A few days ago, OpenAI released a chat-based model called ChatGPT and provided an interface for users to interact with. ChatGPT is a form of conversational AI where you can ask questions or have a conversation with a bot backed by a model. As per the announcement –
The last time I was this excited by GPT was when a GPT-3 bot was posted comments in AskReddit and no one realized that those comments were from a bot.
Over the weekend, I decided to give this GPT-3.5 (should we start calling these with a T-prefix, like T-1000?) a spin. Needless to say, it has been impressive. I plan to use this bot as a tool in my daily usage (a friend remarked that they would use it to generate poems for holiday greeting cards!).
Following is one such interaction I had with ChatGPT:
As you can observe above, the ChatGPT maintains context from one conversation to the next, though as per the information on the site, it does not personalize. In other words, it is not tailoring responses based on the types of questions asked in the past by the human user. Every session opened at https://chat.openai.com/chat starts anew without any history or memory.

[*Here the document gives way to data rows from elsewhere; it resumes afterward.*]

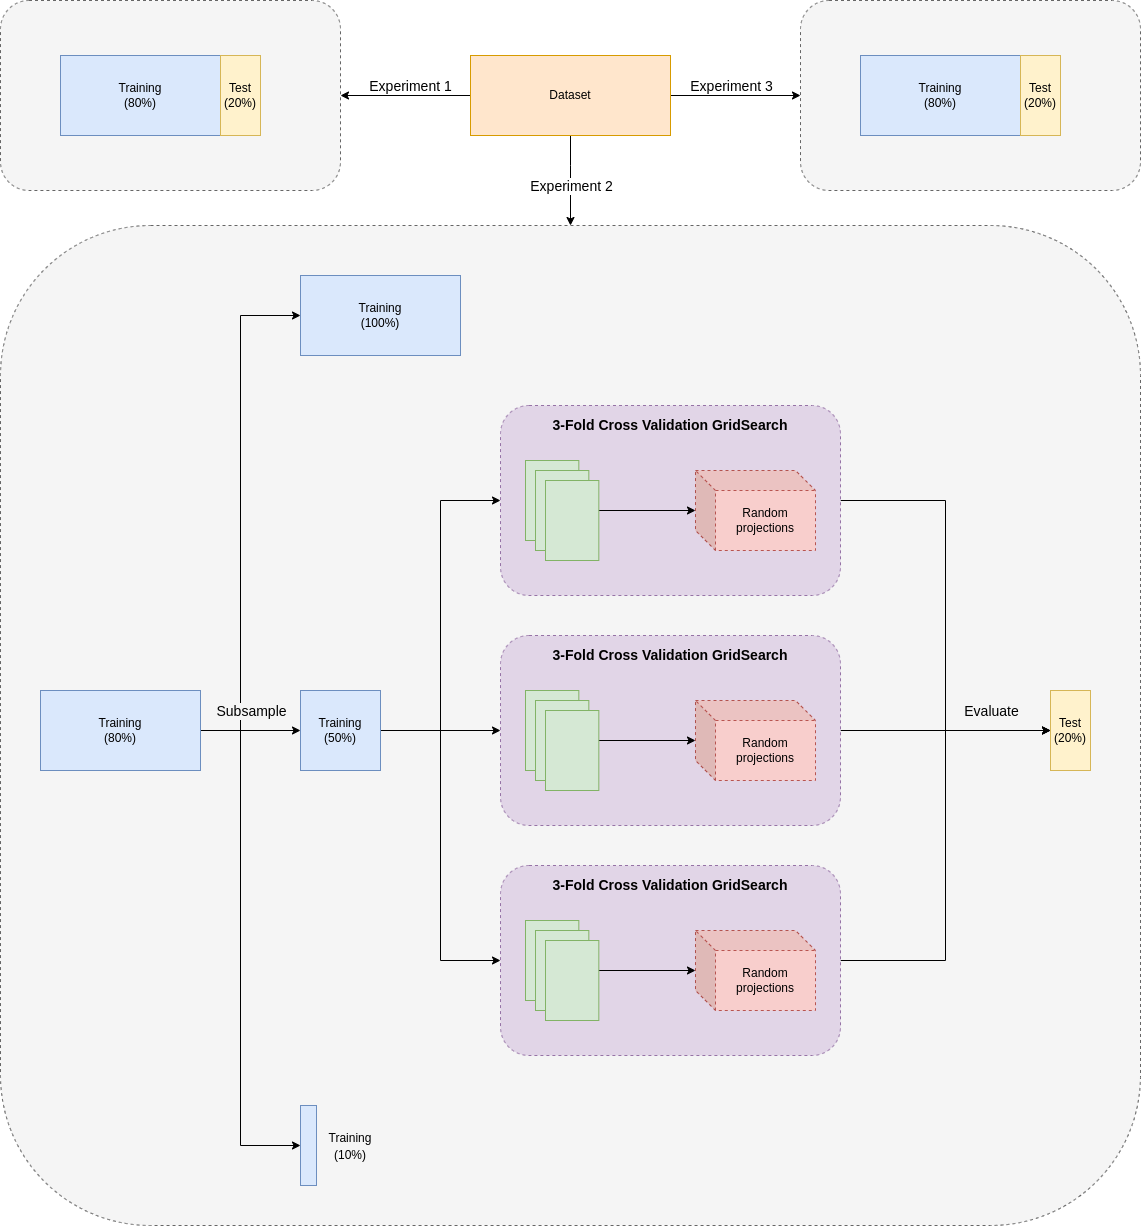

The diagram above was exported from draw.io. Its source (the exported page's mxGraphModel, read from the mxfile embedded in the PNG):
<mxGraphModel dx="2858" dy="2203" grid="1" gridSize="10" guides="1" tooltips="1" connect="1" arrows="1" fold="1" page="1" pageScale="1" pageWidth="827" pageHeight="1169" math="0" shadow="0">
  <root>
    <mxCell id="0" />
    <mxCell id="1" parent="0" />
    <mxCell id="cc-G9hoo6xONjVDTXZMy-40" value="" style="rounded=1;whiteSpace=wrap;html=1;labelBackgroundColor=none;fillColor=#f5f5f5;dashed=1;fontColor=#333333;strokeColor=#666666;" vertex="1" parent="1">
      <mxGeometry x="-50" y="-45" width="340" height="190" as="geometry" />
    </mxCell>
    <mxCell id="cc-G9hoo6xONjVDTXZMy-11" value="" style="rounded=1;whiteSpace=wrap;html=1;labelBackgroundColor=none;fillColor=#f5f5f5;dashed=1;fontColor=#333333;strokeColor=#666666;" vertex="1" parent="1">
      <mxGeometry x="-50" y="180" width="1140" height="1000" as="geometry" />
    </mxCell>
    <mxCell id="cc-G9hoo6xONjVDTXZMy-44" style="edgeStyle=orthogonalEdgeStyle;rounded=0;orthogonalLoop=1;jettySize=auto;html=1;exitX=0;exitY=0.5;exitDx=0;exitDy=0;" edge="1" parent="1" source="cc-G9hoo6xONjVDTXZMy-4" target="cc-G9hoo6xONjVDTXZMy-40">
      <mxGeometry relative="1" as="geometry" />
    </mxCell>
    <mxCell id="cc-G9hoo6xONjVDTXZMy-81" value="Experiment 1" style="edgeLabel;html=1;align=center;verticalAlign=middle;resizable=0;points=[];fontSize=14;" vertex="1" connectable="0" parent="cc-G9hoo6xONjVDTXZMy-44">
      <mxGeometry x="-0.5271" y="-1" relative="1" as="geometry">
        <mxPoint x="-29" y="-9" as="offset" />
      </mxGeometry>
    </mxCell>
    <mxCell id="cc-G9hoo6xONjVDTXZMy-45" style="edgeStyle=orthogonalEdgeStyle;rounded=0;orthogonalLoop=1;jettySize=auto;html=1;exitX=1;exitY=0.5;exitDx=0;exitDy=0;entryX=0;entryY=0.5;entryDx=0;entryDy=0;" edge="1" parent="1" source="cc-G9hoo6xONjVDTXZMy-4" target="cc-G9hoo6xONjVDTXZMy-41">
      <mxGeometry relative="1" as="geometry" />
    </mxCell>
    <mxCell id="cc-G9hoo6xONjVDTXZMy-80" value="Experiment 3" style="edgeLabel;html=1;align=center;verticalAlign=middle;resizable=0;points=[];fontSize=14;" vertex="1" connectable="0" parent="cc-G9hoo6xONjVDTXZMy-45">
      <mxGeometry x="-0.6071" y="-1" relative="1" as="geometry">
        <mxPoint x="35" y="-11" as="offset" />
      </mxGeometry>
    </mxCell>
    <mxCell id="cc-G9hoo6xONjVDTXZMy-75" style="edgeStyle=orthogonalEdgeStyle;rounded=0;orthogonalLoop=1;jettySize=auto;html=1;exitX=0.5;exitY=1;exitDx=0;exitDy=0;entryX=0.5;entryY=0;entryDx=0;entryDy=0;fontSize=14;" edge="1" parent="1" source="cc-G9hoo6xONjVDTXZMy-4" target="cc-G9hoo6xONjVDTXZMy-11">
      <mxGeometry relative="1" as="geometry">
        <Array as="points">
          <mxPoint x="520" y="120" />
          <mxPoint x="520" y="120" />
        </Array>
      </mxGeometry>
    </mxCell>
    <mxCell id="cc-G9hoo6xONjVDTXZMy-82" value="Experiment 2" style="edgeLabel;html=1;align=center;verticalAlign=middle;resizable=0;points=[];fontSize=14;" vertex="1" connectable="0" parent="cc-G9hoo6xONjVDTXZMy-75">
      <mxGeometry x="0.1023" relative="1" as="geometry">
        <mxPoint as="offset" />
      </mxGeometry>
    </mxCell>
    <mxCell id="cc-G9hoo6xONjVDTXZMy-4" value="Dataset" style="rounded=0;whiteSpace=wrap;html=1;labelBackgroundColor=none;fillColor=#ffe6cc;strokeColor=#d79b00;" vertex="1" parent="1">
      <mxGeometry x="420" y="10" width="200" height="80" as="geometry" />
    </mxCell>
    <mxCell id="cc-G9hoo6xONjVDTXZMy-72" style="edgeStyle=orthogonalEdgeStyle;rounded=0;orthogonalLoop=1;jettySize=auto;html=1;exitX=1;exitY=0.5;exitDx=0;exitDy=0;entryX=0;entryY=0.5;entryDx=0;entryDy=0;fontSize=14;" edge="1" parent="1" source="cc-G9hoo6xONjVDTXZMy-5" target="cc-G9hoo6xONjVDTXZMy-14">
      <mxGeometry relative="1" as="geometry" />
    </mxCell>
    <mxCell id="cc-G9hoo6xONjVDTXZMy-73" style="edgeStyle=orthogonalEdgeStyle;rounded=0;orthogonalLoop=1;jettySize=auto;html=1;exitX=1;exitY=0.5;exitDx=0;exitDy=0;entryX=0;entryY=0.5;entryDx=0;entryDy=0;fontSize=14;" edge="1" parent="1" source="cc-G9hoo6xONjVDTXZMy-5" target="cc-G9hoo6xONjVDTXZMy-13">
      <mxGeometry relative="1" as="geometry">
        <Array as="points">
          <mxPoint x="190" y="685" />
          <mxPoint x="190" y="270" />
        </Array>
      </mxGeometry>
    </mxCell>
    <mxCell id="cc-G9hoo6xONjVDTXZMy-74" style="edgeStyle=orthogonalEdgeStyle;rounded=0;orthogonalLoop=1;jettySize=auto;html=1;exitX=1;exitY=0.5;exitDx=0;exitDy=0;entryX=0;entryY=0.5;entryDx=0;entryDy=0;fontSize=14;" edge="1" parent="1" source="cc-G9hoo6xONjVDTXZMy-5" target="cc-G9hoo6xONjVDTXZMy-15">
      <mxGeometry relative="1" as="geometry">
        <Array as="points">
          <mxPoint x="190" y="685" />
          <mxPoint x="190" y="1100" />
        </Array>
      </mxGeometry>
    </mxCell>
    <mxCell id="cc-G9hoo6xONjVDTXZMy-79" value="Subsample" style="edgeLabel;html=1;align=center;verticalAlign=middle;resizable=0;points=[];fontSize=14;labelBackgroundColor=#f5f5f5;" vertex="1" connectable="0" parent="cc-G9hoo6xONjVDTXZMy-74">
      <mxGeometry x="-0.8785" y="1" relative="1" as="geometry">
        <mxPoint x="19" y="-19" as="offset" />
      </mxGeometry>
    </mxCell>
    <mxCell id="cc-G9hoo6xONjVDTXZMy-5" value="Training&lt;br&gt;(80%)" style="rounded=0;whiteSpace=wrap;html=1;fillColor=#dae8fc;strokeColor=#6c8ebf;" vertex="1" parent="1">
      <mxGeometry x="-10" y="645" width="160" height="80" as="geometry" />
    </mxCell>
    <mxCell id="cc-G9hoo6xONjVDTXZMy-6" value="Test&lt;br&gt;(20%)" style="rounded=0;whiteSpace=wrap;html=1;fillColor=#fff2cc;strokeColor=#d6b656;" vertex="1" parent="1">
      <mxGeometry x="1000" y="645" width="40" height="80" as="geometry" />
    </mxCell>
    <mxCell id="cc-G9hoo6xONjVDTXZMy-7" value="Training&lt;br&gt;(80%)" style="rounded=0;whiteSpace=wrap;html=1;fillColor=#dae8fc;strokeColor=#6c8ebf;" vertex="1" parent="1">
      <mxGeometry x="10" y="10" width="160" height="80" as="geometry" />
    </mxCell>
    <mxCell id="cc-G9hoo6xONjVDTXZMy-8" value="Test&lt;br&gt;(20%)" style="rounded=0;whiteSpace=wrap;html=1;fillColor=#fff2cc;strokeColor=#d6b656;" vertex="1" parent="1">
      <mxGeometry x="170" y="10" width="40" height="80" as="geometry" />
    </mxCell>
    <mxCell id="cc-G9hoo6xONjVDTXZMy-13" value="Training&lt;br&gt;(100%)" style="rounded=0;whiteSpace=wrap;html=1;fillColor=#dae8fc;strokeColor=#6c8ebf;" vertex="1" parent="1">
      <mxGeometry x="250" y="230" width="160" height="80" as="geometry" />
    </mxCell>
    <mxCell id="cc-G9hoo6xONjVDTXZMy-69" style="edgeStyle=orthogonalEdgeStyle;rounded=0;orthogonalLoop=1;jettySize=auto;html=1;exitX=1;exitY=0.5;exitDx=0;exitDy=0;entryX=0;entryY=0.5;entryDx=0;entryDy=0;fontSize=14;" edge="1" parent="1" source="cc-G9hoo6xONjVDTXZMy-14" target="cc-G9hoo6xONjVDTXZMy-47">
      <mxGeometry relative="1" as="geometry" />
    </mxCell>
    <mxCell id="cc-G9hoo6xONjVDTXZMy-70" style="edgeStyle=orthogonalEdgeStyle;rounded=0;orthogonalLoop=1;jettySize=auto;html=1;exitX=1;exitY=0.5;exitDx=0;exitDy=0;fontSize=14;" edge="1" parent="1" source="cc-G9hoo6xONjVDTXZMy-14" target="cc-G9hoo6xONjVDTXZMy-51">
      <mxGeometry relative="1" as="geometry" />
    </mxCell>
    <mxCell id="cc-G9hoo6xONjVDTXZMy-71" style="edgeStyle=orthogonalEdgeStyle;rounded=0;orthogonalLoop=1;jettySize=auto;html=1;exitX=1;exitY=0.5;exitDx=0;exitDy=0;entryX=0;entryY=0.5;entryDx=0;entryDy=0;fontSize=14;" edge="1" parent="1" source="cc-G9hoo6xONjVDTXZMy-14" target="cc-G9hoo6xONjVDTXZMy-58">
      <mxGeometry relative="1" as="geometry" />
    </mxCell>
    <mxCell id="cc-G9hoo6xONjVDTXZMy-14" value="Training&lt;br&gt;(50%)" style="rounded=0;whiteSpace=wrap;html=1;fillColor=#dae8fc;strokeColor=#6c8ebf;" vertex="1" parent="1">
      <mxGeometry x="250" y="645" width="80" height="80" as="geometry" />
    </mxCell>
    <mxCell id="cc-G9hoo6xONjVDTXZMy-15" value="" style="rounded=0;whiteSpace=wrap;html=1;fillColor=#dae8fc;strokeColor=#6c8ebf;" vertex="1" parent="1">
      <mxGeometry x="250" y="1060" width="16" height="80" as="geometry" />
    </mxCell>
    <mxCell id="cc-G9hoo6xONjVDTXZMy-63" style="edgeStyle=orthogonalEdgeStyle;rounded=0;orthogonalLoop=1;jettySize=auto;html=1;exitX=1;exitY=0.5;exitDx=0;exitDy=0;entryX=0;entryY=0.5;entryDx=0;entryDy=0;fontSize=14;" edge="1" parent="1" source="cc-G9hoo6xONjVDTXZMy-47" target="cc-G9hoo6xONjVDTXZMy-6">
      <mxGeometry relative="1" as="geometry" />
    </mxCell>
    <mxCell id="cc-G9hoo6xONjVDTXZMy-47" value="&lt;font style=&quot;font-size: 14px;&quot;&gt;&lt;b&gt;3-Fold Cross Validation GridSearch&lt;/b&gt;&lt;/font&gt;" style="rounded=1;whiteSpace=wrap;html=1;labelBackgroundColor=none;fillColor=#e1d5e7;dashed=1;strokeColor=#9673a6;spacingLeft=0;spacingTop=-150;spacing=2;" vertex="1" parent="1">
      <mxGeometry x="450" y="360" width="340" height="190" as="geometry" />
    </mxCell>
    <mxCell id="cc-G9hoo6xONjVDTXZMy-41" value="" style="rounded=1;whiteSpace=wrap;html=1;labelBackgroundColor=none;fillColor=#f5f5f5;dashed=1;fontColor=#333333;strokeColor=#666666;" vertex="1" parent="1">
      <mxGeometry x="750" y="-45" width="340" height="190" as="geometry" />
    </mxCell>
    <mxCell id="cc-G9hoo6xONjVDTXZMy-42" value="Training&lt;br&gt;(80%)" style="rounded=0;whiteSpace=wrap;html=1;fillColor=#dae8fc;strokeColor=#6c8ebf;" vertex="1" parent="1">
      <mxGeometry x="810" y="10" width="160" height="80" as="geometry" />
    </mxCell>
    <mxCell id="cc-G9hoo6xONjVDTXZMy-43" value="Test&lt;br&gt;(20%)" style="rounded=0;whiteSpace=wrap;html=1;fillColor=#fff2cc;strokeColor=#d6b656;" vertex="1" parent="1">
      <mxGeometry x="970" y="10" width="40" height="80" as="geometry" />
    </mxCell>
    <mxCell id="cc-G9hoo6xONjVDTXZMy-20" value="Random&lt;br&gt;projections" style="shape=cube;whiteSpace=wrap;html=1;boundedLbl=1;backgroundOutline=1;darkOpacity=0.05;darkOpacity2=0.1;dashed=1;labelBackgroundColor=none;fillColor=#f8cecc;strokeColor=#b85450;" vertex="1" parent="1">
      <mxGeometry x="645" y="425" width="120" height="80" as="geometry" />
    </mxCell>
    <mxCell id="cc-G9hoo6xONjVDTXZMy-23" value="" style="rounded=0;whiteSpace=wrap;html=1;fillColor=#d5e8d4;strokeColor=#82b366;" vertex="1" parent="1">
      <mxGeometry x="475" y="415" width="53.33" height="80" as="geometry" />
    </mxCell>
    <mxCell id="cc-G9hoo6xONjVDTXZMy-50" value="" style="edgeStyle=orthogonalEdgeStyle;rounded=0;orthogonalLoop=1;jettySize=auto;html=1;fontSize=14;" edge="1" parent="1" source="cc-G9hoo6xONjVDTXZMy-24" target="cc-G9hoo6xONjVDTXZMy-20">
      <mxGeometry relative="1" as="geometry" />
    </mxCell>
    <mxCell id="cc-G9hoo6xONjVDTXZMy-24" value="" style="rounded=0;whiteSpace=wrap;html=1;fillColor=#d5e8d4;strokeColor=#82b366;" vertex="1" parent="1">
      <mxGeometry x="485" y="425" width="53.33" height="80" as="geometry" />
    </mxCell>
    <mxCell id="cc-G9hoo6xONjVDTXZMy-25" value="" style="rounded=0;whiteSpace=wrap;html=1;fillColor=#d5e8d4;strokeColor=#82b366;" vertex="1" parent="1">
      <mxGeometry x="495" y="435" width="53.33" height="80" as="geometry" />
    </mxCell>
    <mxCell id="cc-G9hoo6xONjVDTXZMy-64" style="edgeStyle=orthogonalEdgeStyle;rounded=0;orthogonalLoop=1;jettySize=auto;html=1;exitX=1;exitY=0.5;exitDx=0;exitDy=0;fontSize=14;" edge="1" parent="1" source="cc-G9hoo6xONjVDTXZMy-51">
      <mxGeometry relative="1" as="geometry">
        <mxPoint x="1000" y="685" as="targetPoint" />
      </mxGeometry>
    </mxCell>
    <mxCell id="cc-G9hoo6xONjVDTXZMy-51" value="&lt;b style=&quot;font-size: 14px;&quot;&gt;3-Fold Cross Validation GridSearch&lt;/b&gt;" style="rounded=1;whiteSpace=wrap;html=1;labelBackgroundColor=none;fillColor=#e1d5e7;dashed=1;strokeColor=#9673a6;spacingLeft=0;spacingTop=-150;spacing=2;" vertex="1" parent="1">
      <mxGeometry x="450" y="590" width="340" height="190" as="geometry" />
    </mxCell>
    <mxCell id="cc-G9hoo6xONjVDTXZMy-52" value="Random&lt;br&gt;projections" style="shape=cube;whiteSpace=wrap;html=1;boundedLbl=1;backgroundOutline=1;darkOpacity=0.05;darkOpacity2=0.1;dashed=1;labelBackgroundColor=none;fillColor=#f8cecc;strokeColor=#b85450;" vertex="1" parent="1">
      <mxGeometry x="645" y="655" width="120" height="80" as="geometry" />
    </mxCell>
    <mxCell id="cc-G9hoo6xONjVDTXZMy-53" value="" style="rounded=0;whiteSpace=wrap;html=1;fillColor=#d5e8d4;strokeColor=#82b366;" vertex="1" parent="1">
      <mxGeometry x="475" y="645" width="53.33" height="80" as="geometry" />
    </mxCell>
    <mxCell id="cc-G9hoo6xONjVDTXZMy-76" value="" style="edgeStyle=orthogonalEdgeStyle;rounded=0;orthogonalLoop=1;jettySize=auto;html=1;fontSize=14;" edge="1" parent="1" source="cc-G9hoo6xONjVDTXZMy-54" target="cc-G9hoo6xONjVDTXZMy-52">
      <mxGeometry relative="1" as="geometry" />
    </mxCell>
    <mxCell id="cc-G9hoo6xONjVDTXZMy-54" value="" style="rounded=0;whiteSpace=wrap;html=1;fillColor=#d5e8d4;strokeColor=#82b366;" vertex="1" parent="1">
      <mxGeometry x="485" y="655" width="53.33" height="80" as="geometry" />
    </mxCell>
    <mxCell id="cc-G9hoo6xONjVDTXZMy-55" value="" style="rounded=0;whiteSpace=wrap;html=1;fillColor=#d5e8d4;strokeColor=#82b366;" vertex="1" parent="1">
      <mxGeometry x="495" y="665" width="53.33" height="80" as="geometry" />
    </mxCell>
    <mxCell id="cc-G9hoo6xONjVDTXZMy-66" style="edgeStyle=orthogonalEdgeStyle;rounded=0;orthogonalLoop=1;jettySize=auto;html=1;exitX=1;exitY=0.5;exitDx=0;exitDy=0;entryX=0;entryY=0.5;entryDx=0;entryDy=0;fontSize=14;" edge="1" parent="1" source="cc-G9hoo6xONjVDTXZMy-58" target="cc-G9hoo6xONjVDTXZMy-6">
      <mxGeometry relative="1" as="geometry" />
    </mxCell>
    <mxCell id="cc-G9hoo6xONjVDTXZMy-67" value="Evaluate" style="edgeLabel;html=1;align=center;verticalAlign=middle;resizable=0;points=[];fontSize=14;labelBackgroundColor=none;" vertex="1" connectable="0" parent="cc-G9hoo6xONjVDTXZMy-66">
      <mxGeometry x="0.85" relative="1" as="geometry">
        <mxPoint x="-27" y="-20" as="offset" />
      </mxGeometry>
    </mxCell>
    <mxCell id="cc-G9hoo6xONjVDTXZMy-58" value="&lt;b style=&quot;font-size: 14px;&quot;&gt;3-Fold Cross Validation GridSearch&lt;/b&gt;" style="rounded=1;whiteSpace=wrap;html=1;labelBackgroundColor=none;fillColor=#e1d5e7;dashed=1;strokeColor=#9673a6;spacingLeft=0;spacingTop=-150;spacing=2;" vertex="1" parent="1">
      <mxGeometry x="450" y="820" width="340" height="190" as="geometry" />
    </mxCell>
    <mxCell id="cc-G9hoo6xONjVDTXZMy-59" value="Random&lt;br&gt;projections" style="shape=cube;whiteSpace=wrap;html=1;boundedLbl=1;backgroundOutline=1;darkOpacity=0.05;darkOpacity2=0.1;dashed=1;labelBackgroundColor=none;fillColor=#f8cecc;strokeColor=#b85450;" vertex="1" parent="1">
      <mxGeometry x="645" y="885" width="120" height="80" as="geometry" />
    </mxCell>
    <mxCell id="cc-G9hoo6xONjVDTXZMy-60" value="" style="rounded=0;whiteSpace=wrap;html=1;fillColor=#d5e8d4;strokeColor=#82b366;" vertex="1" parent="1">
      <mxGeometry x="475" y="875" width="53.33" height="80" as="geometry" />
    </mxCell>
    <mxCell id="cc-G9hoo6xONjVDTXZMy-77" value="" style="edgeStyle=orthogonalEdgeStyle;rounded=0;orthogonalLoop=1;jettySize=auto;html=1;fontSize=14;" edge="1" parent="1" source="cc-G9hoo6xONjVDTXZMy-61" target="cc-G9hoo6xONjVDTXZMy-59">
      <mxGeometry relative="1" as="geometry" />
    </mxCell>
    <mxCell id="cc-G9hoo6xONjVDTXZMy-61" value="" style="rounded=0;whiteSpace=wrap;html=1;fillColor=#d5e8d4;strokeColor=#82b366;" vertex="1" parent="1">
      <mxGeometry x="485" y="885" width="53.33" height="80" as="geometry" />
    </mxCell>
    <mxCell id="cc-G9hoo6xONjVDTXZMy-62" value="" style="rounded=0;whiteSpace=wrap;html=1;fillColor=#d5e8d4;strokeColor=#82b366;" vertex="1" parent="1">
      <mxGeometry x="495" y="895" width="53.33" height="80" as="geometry" />
    </mxCell>
    <mxCell id="cc-G9hoo6xONjVDTXZMy-78" value="&lt;span style=&quot;font-size: 12px;&quot;&gt;Training&lt;/span&gt;&lt;br style=&quot;font-size: 12px;&quot;&gt;&lt;span style=&quot;font-size: 12px;&quot;&gt;(10%)&lt;/span&gt;" style="text;html=1;strokeColor=none;fillColor=none;align=center;verticalAlign=middle;whiteSpace=wrap;rounded=0;dashed=1;labelBackgroundColor=none;fontSize=14;" vertex="1" parent="1">
      <mxGeometry x="270" y="1085" width="60" height="30" as="geometry" />
    </mxCell>
  </root>
</mxGraphModel>

Still, with context maintained within a session, this model of Q&A for information retrieval seems more natural than one with search engines where personalized results lack connection from one to another. The shift from a command/query based structure to a conversational one is very empowering since latter mimics a dialogue between instructor/student or parent/child. As humans tend to be exploratory when researching any subject (or even shopping), the conversational approach is also more practical.
Also, as the research preview blog post indicates, there is an emphasis on safety with several mitigations in place compared to its older sibling InstructGPT (and there is also a contest to provide more feedback). In my tests, the model tends to be aware of bias and avoid generating any replies that may have been inferred (and thus possibly biased) than factual in nature.
Finally, the multi-lingual support also seems to be good –
I further asked for the same haiku to be composed in the style of the famed poet Matsuo Basho
Note the subtle changes in the style of the haiku!
The model is also aware of its limitations in terms of what it has been trained on or its capabilities.
When asked about a word and a follow-up question on recent history (currently chatGPT seems to be not aware of time or its passage) –
Overall, this is a very exciting development in the conversational AI space. With the rapid growth in AI model sizes, the future seems very promising. Past experiences have not been equally exciting either due to those being solely voice-based (which has not been accurate in parsing even with personalized voice models) or due to lack of a web-based (or even a dedicated app-based one) interface.
While it does seem like Google search is facing serious competition here, there are still a few gaps to ponder over –
- The model is trained on a static model of documents, code, and text corpora. In other words, it does not evolve or update itself in real time. It will be interesting to observe the accuracy and capabilities of ChatGPT in an iterative mode.
- Since it is not connected to the Internet, the boundaries of its knowledge are well-defined and known. If it needs to be a real-time search engine, these “boundaries of knowledge” may be hard to define. More importantly, only time will tell if these safety mitigations continue to safeguard all the generated responses, especially if they are being generated in real time.
- Personalization may be helpful where responses are tailored to the user asking the questions based on history. Care needs to be taken to avoid any filter bubbles by being explicit about it: providing a generic answer and a personalized one separately. Privacy is another aspect to balance when it comes to personalization.
- The interaction here is equivalent to a “I am feeling lucky” in a search engine. At the same time, users may be more interested in all sources of information than the most pertinent ones. This behavior can happen since we often may not know what we are looking for until we examine the choices. In this sense, a hybrid mode of a chat-based answer with a list of results on the side seems ideal. Google is already providing handy solutions in response to search queries, but usefulness can be improved with a chat-based interface such as ChatGPT.
Note that in the comparison above, I have excluded the analysis of ChatGPT’s prowess when it comes to code (powered by Codex, which also powers Github CoPilot), where it seems to have no other parallels to compare to.
When it comes to voice assistants, there is much to be said in terms of conversation since the human voice tends to be much richer than text in terms of tone, intonation and many similar characteristics which convey a lot too.
There are questions being asked whether chatGPT can achieve AGI which will make that AI to to be completely indistinguishable from a human in all the traits while being much more efficient and scalable. While it will be a matter of time – question of when and not if – before such a parity is reached, we need to avoid underestimating the usefulness of chatGPT-like tools for humans as a powerful force multiplier.
Augmentation of humans with a powerful AI has been in the realm of science fiction (Daedalus from Deus Ex to pick one) and research papers such as this one from Doug Engelbart from the 1960s (thanks to Notion’s post on their AI assistant for pointing me to this). It is about time when that futurism starts converging with the present.
Finally, from a futuristic standpoint, the NorthStar in this space has to be Star Trek’s onboard computer (voiced by Majel Barrett in multiple episodes) which really understands the speaker, converses with them, and remembers them individually between interactions.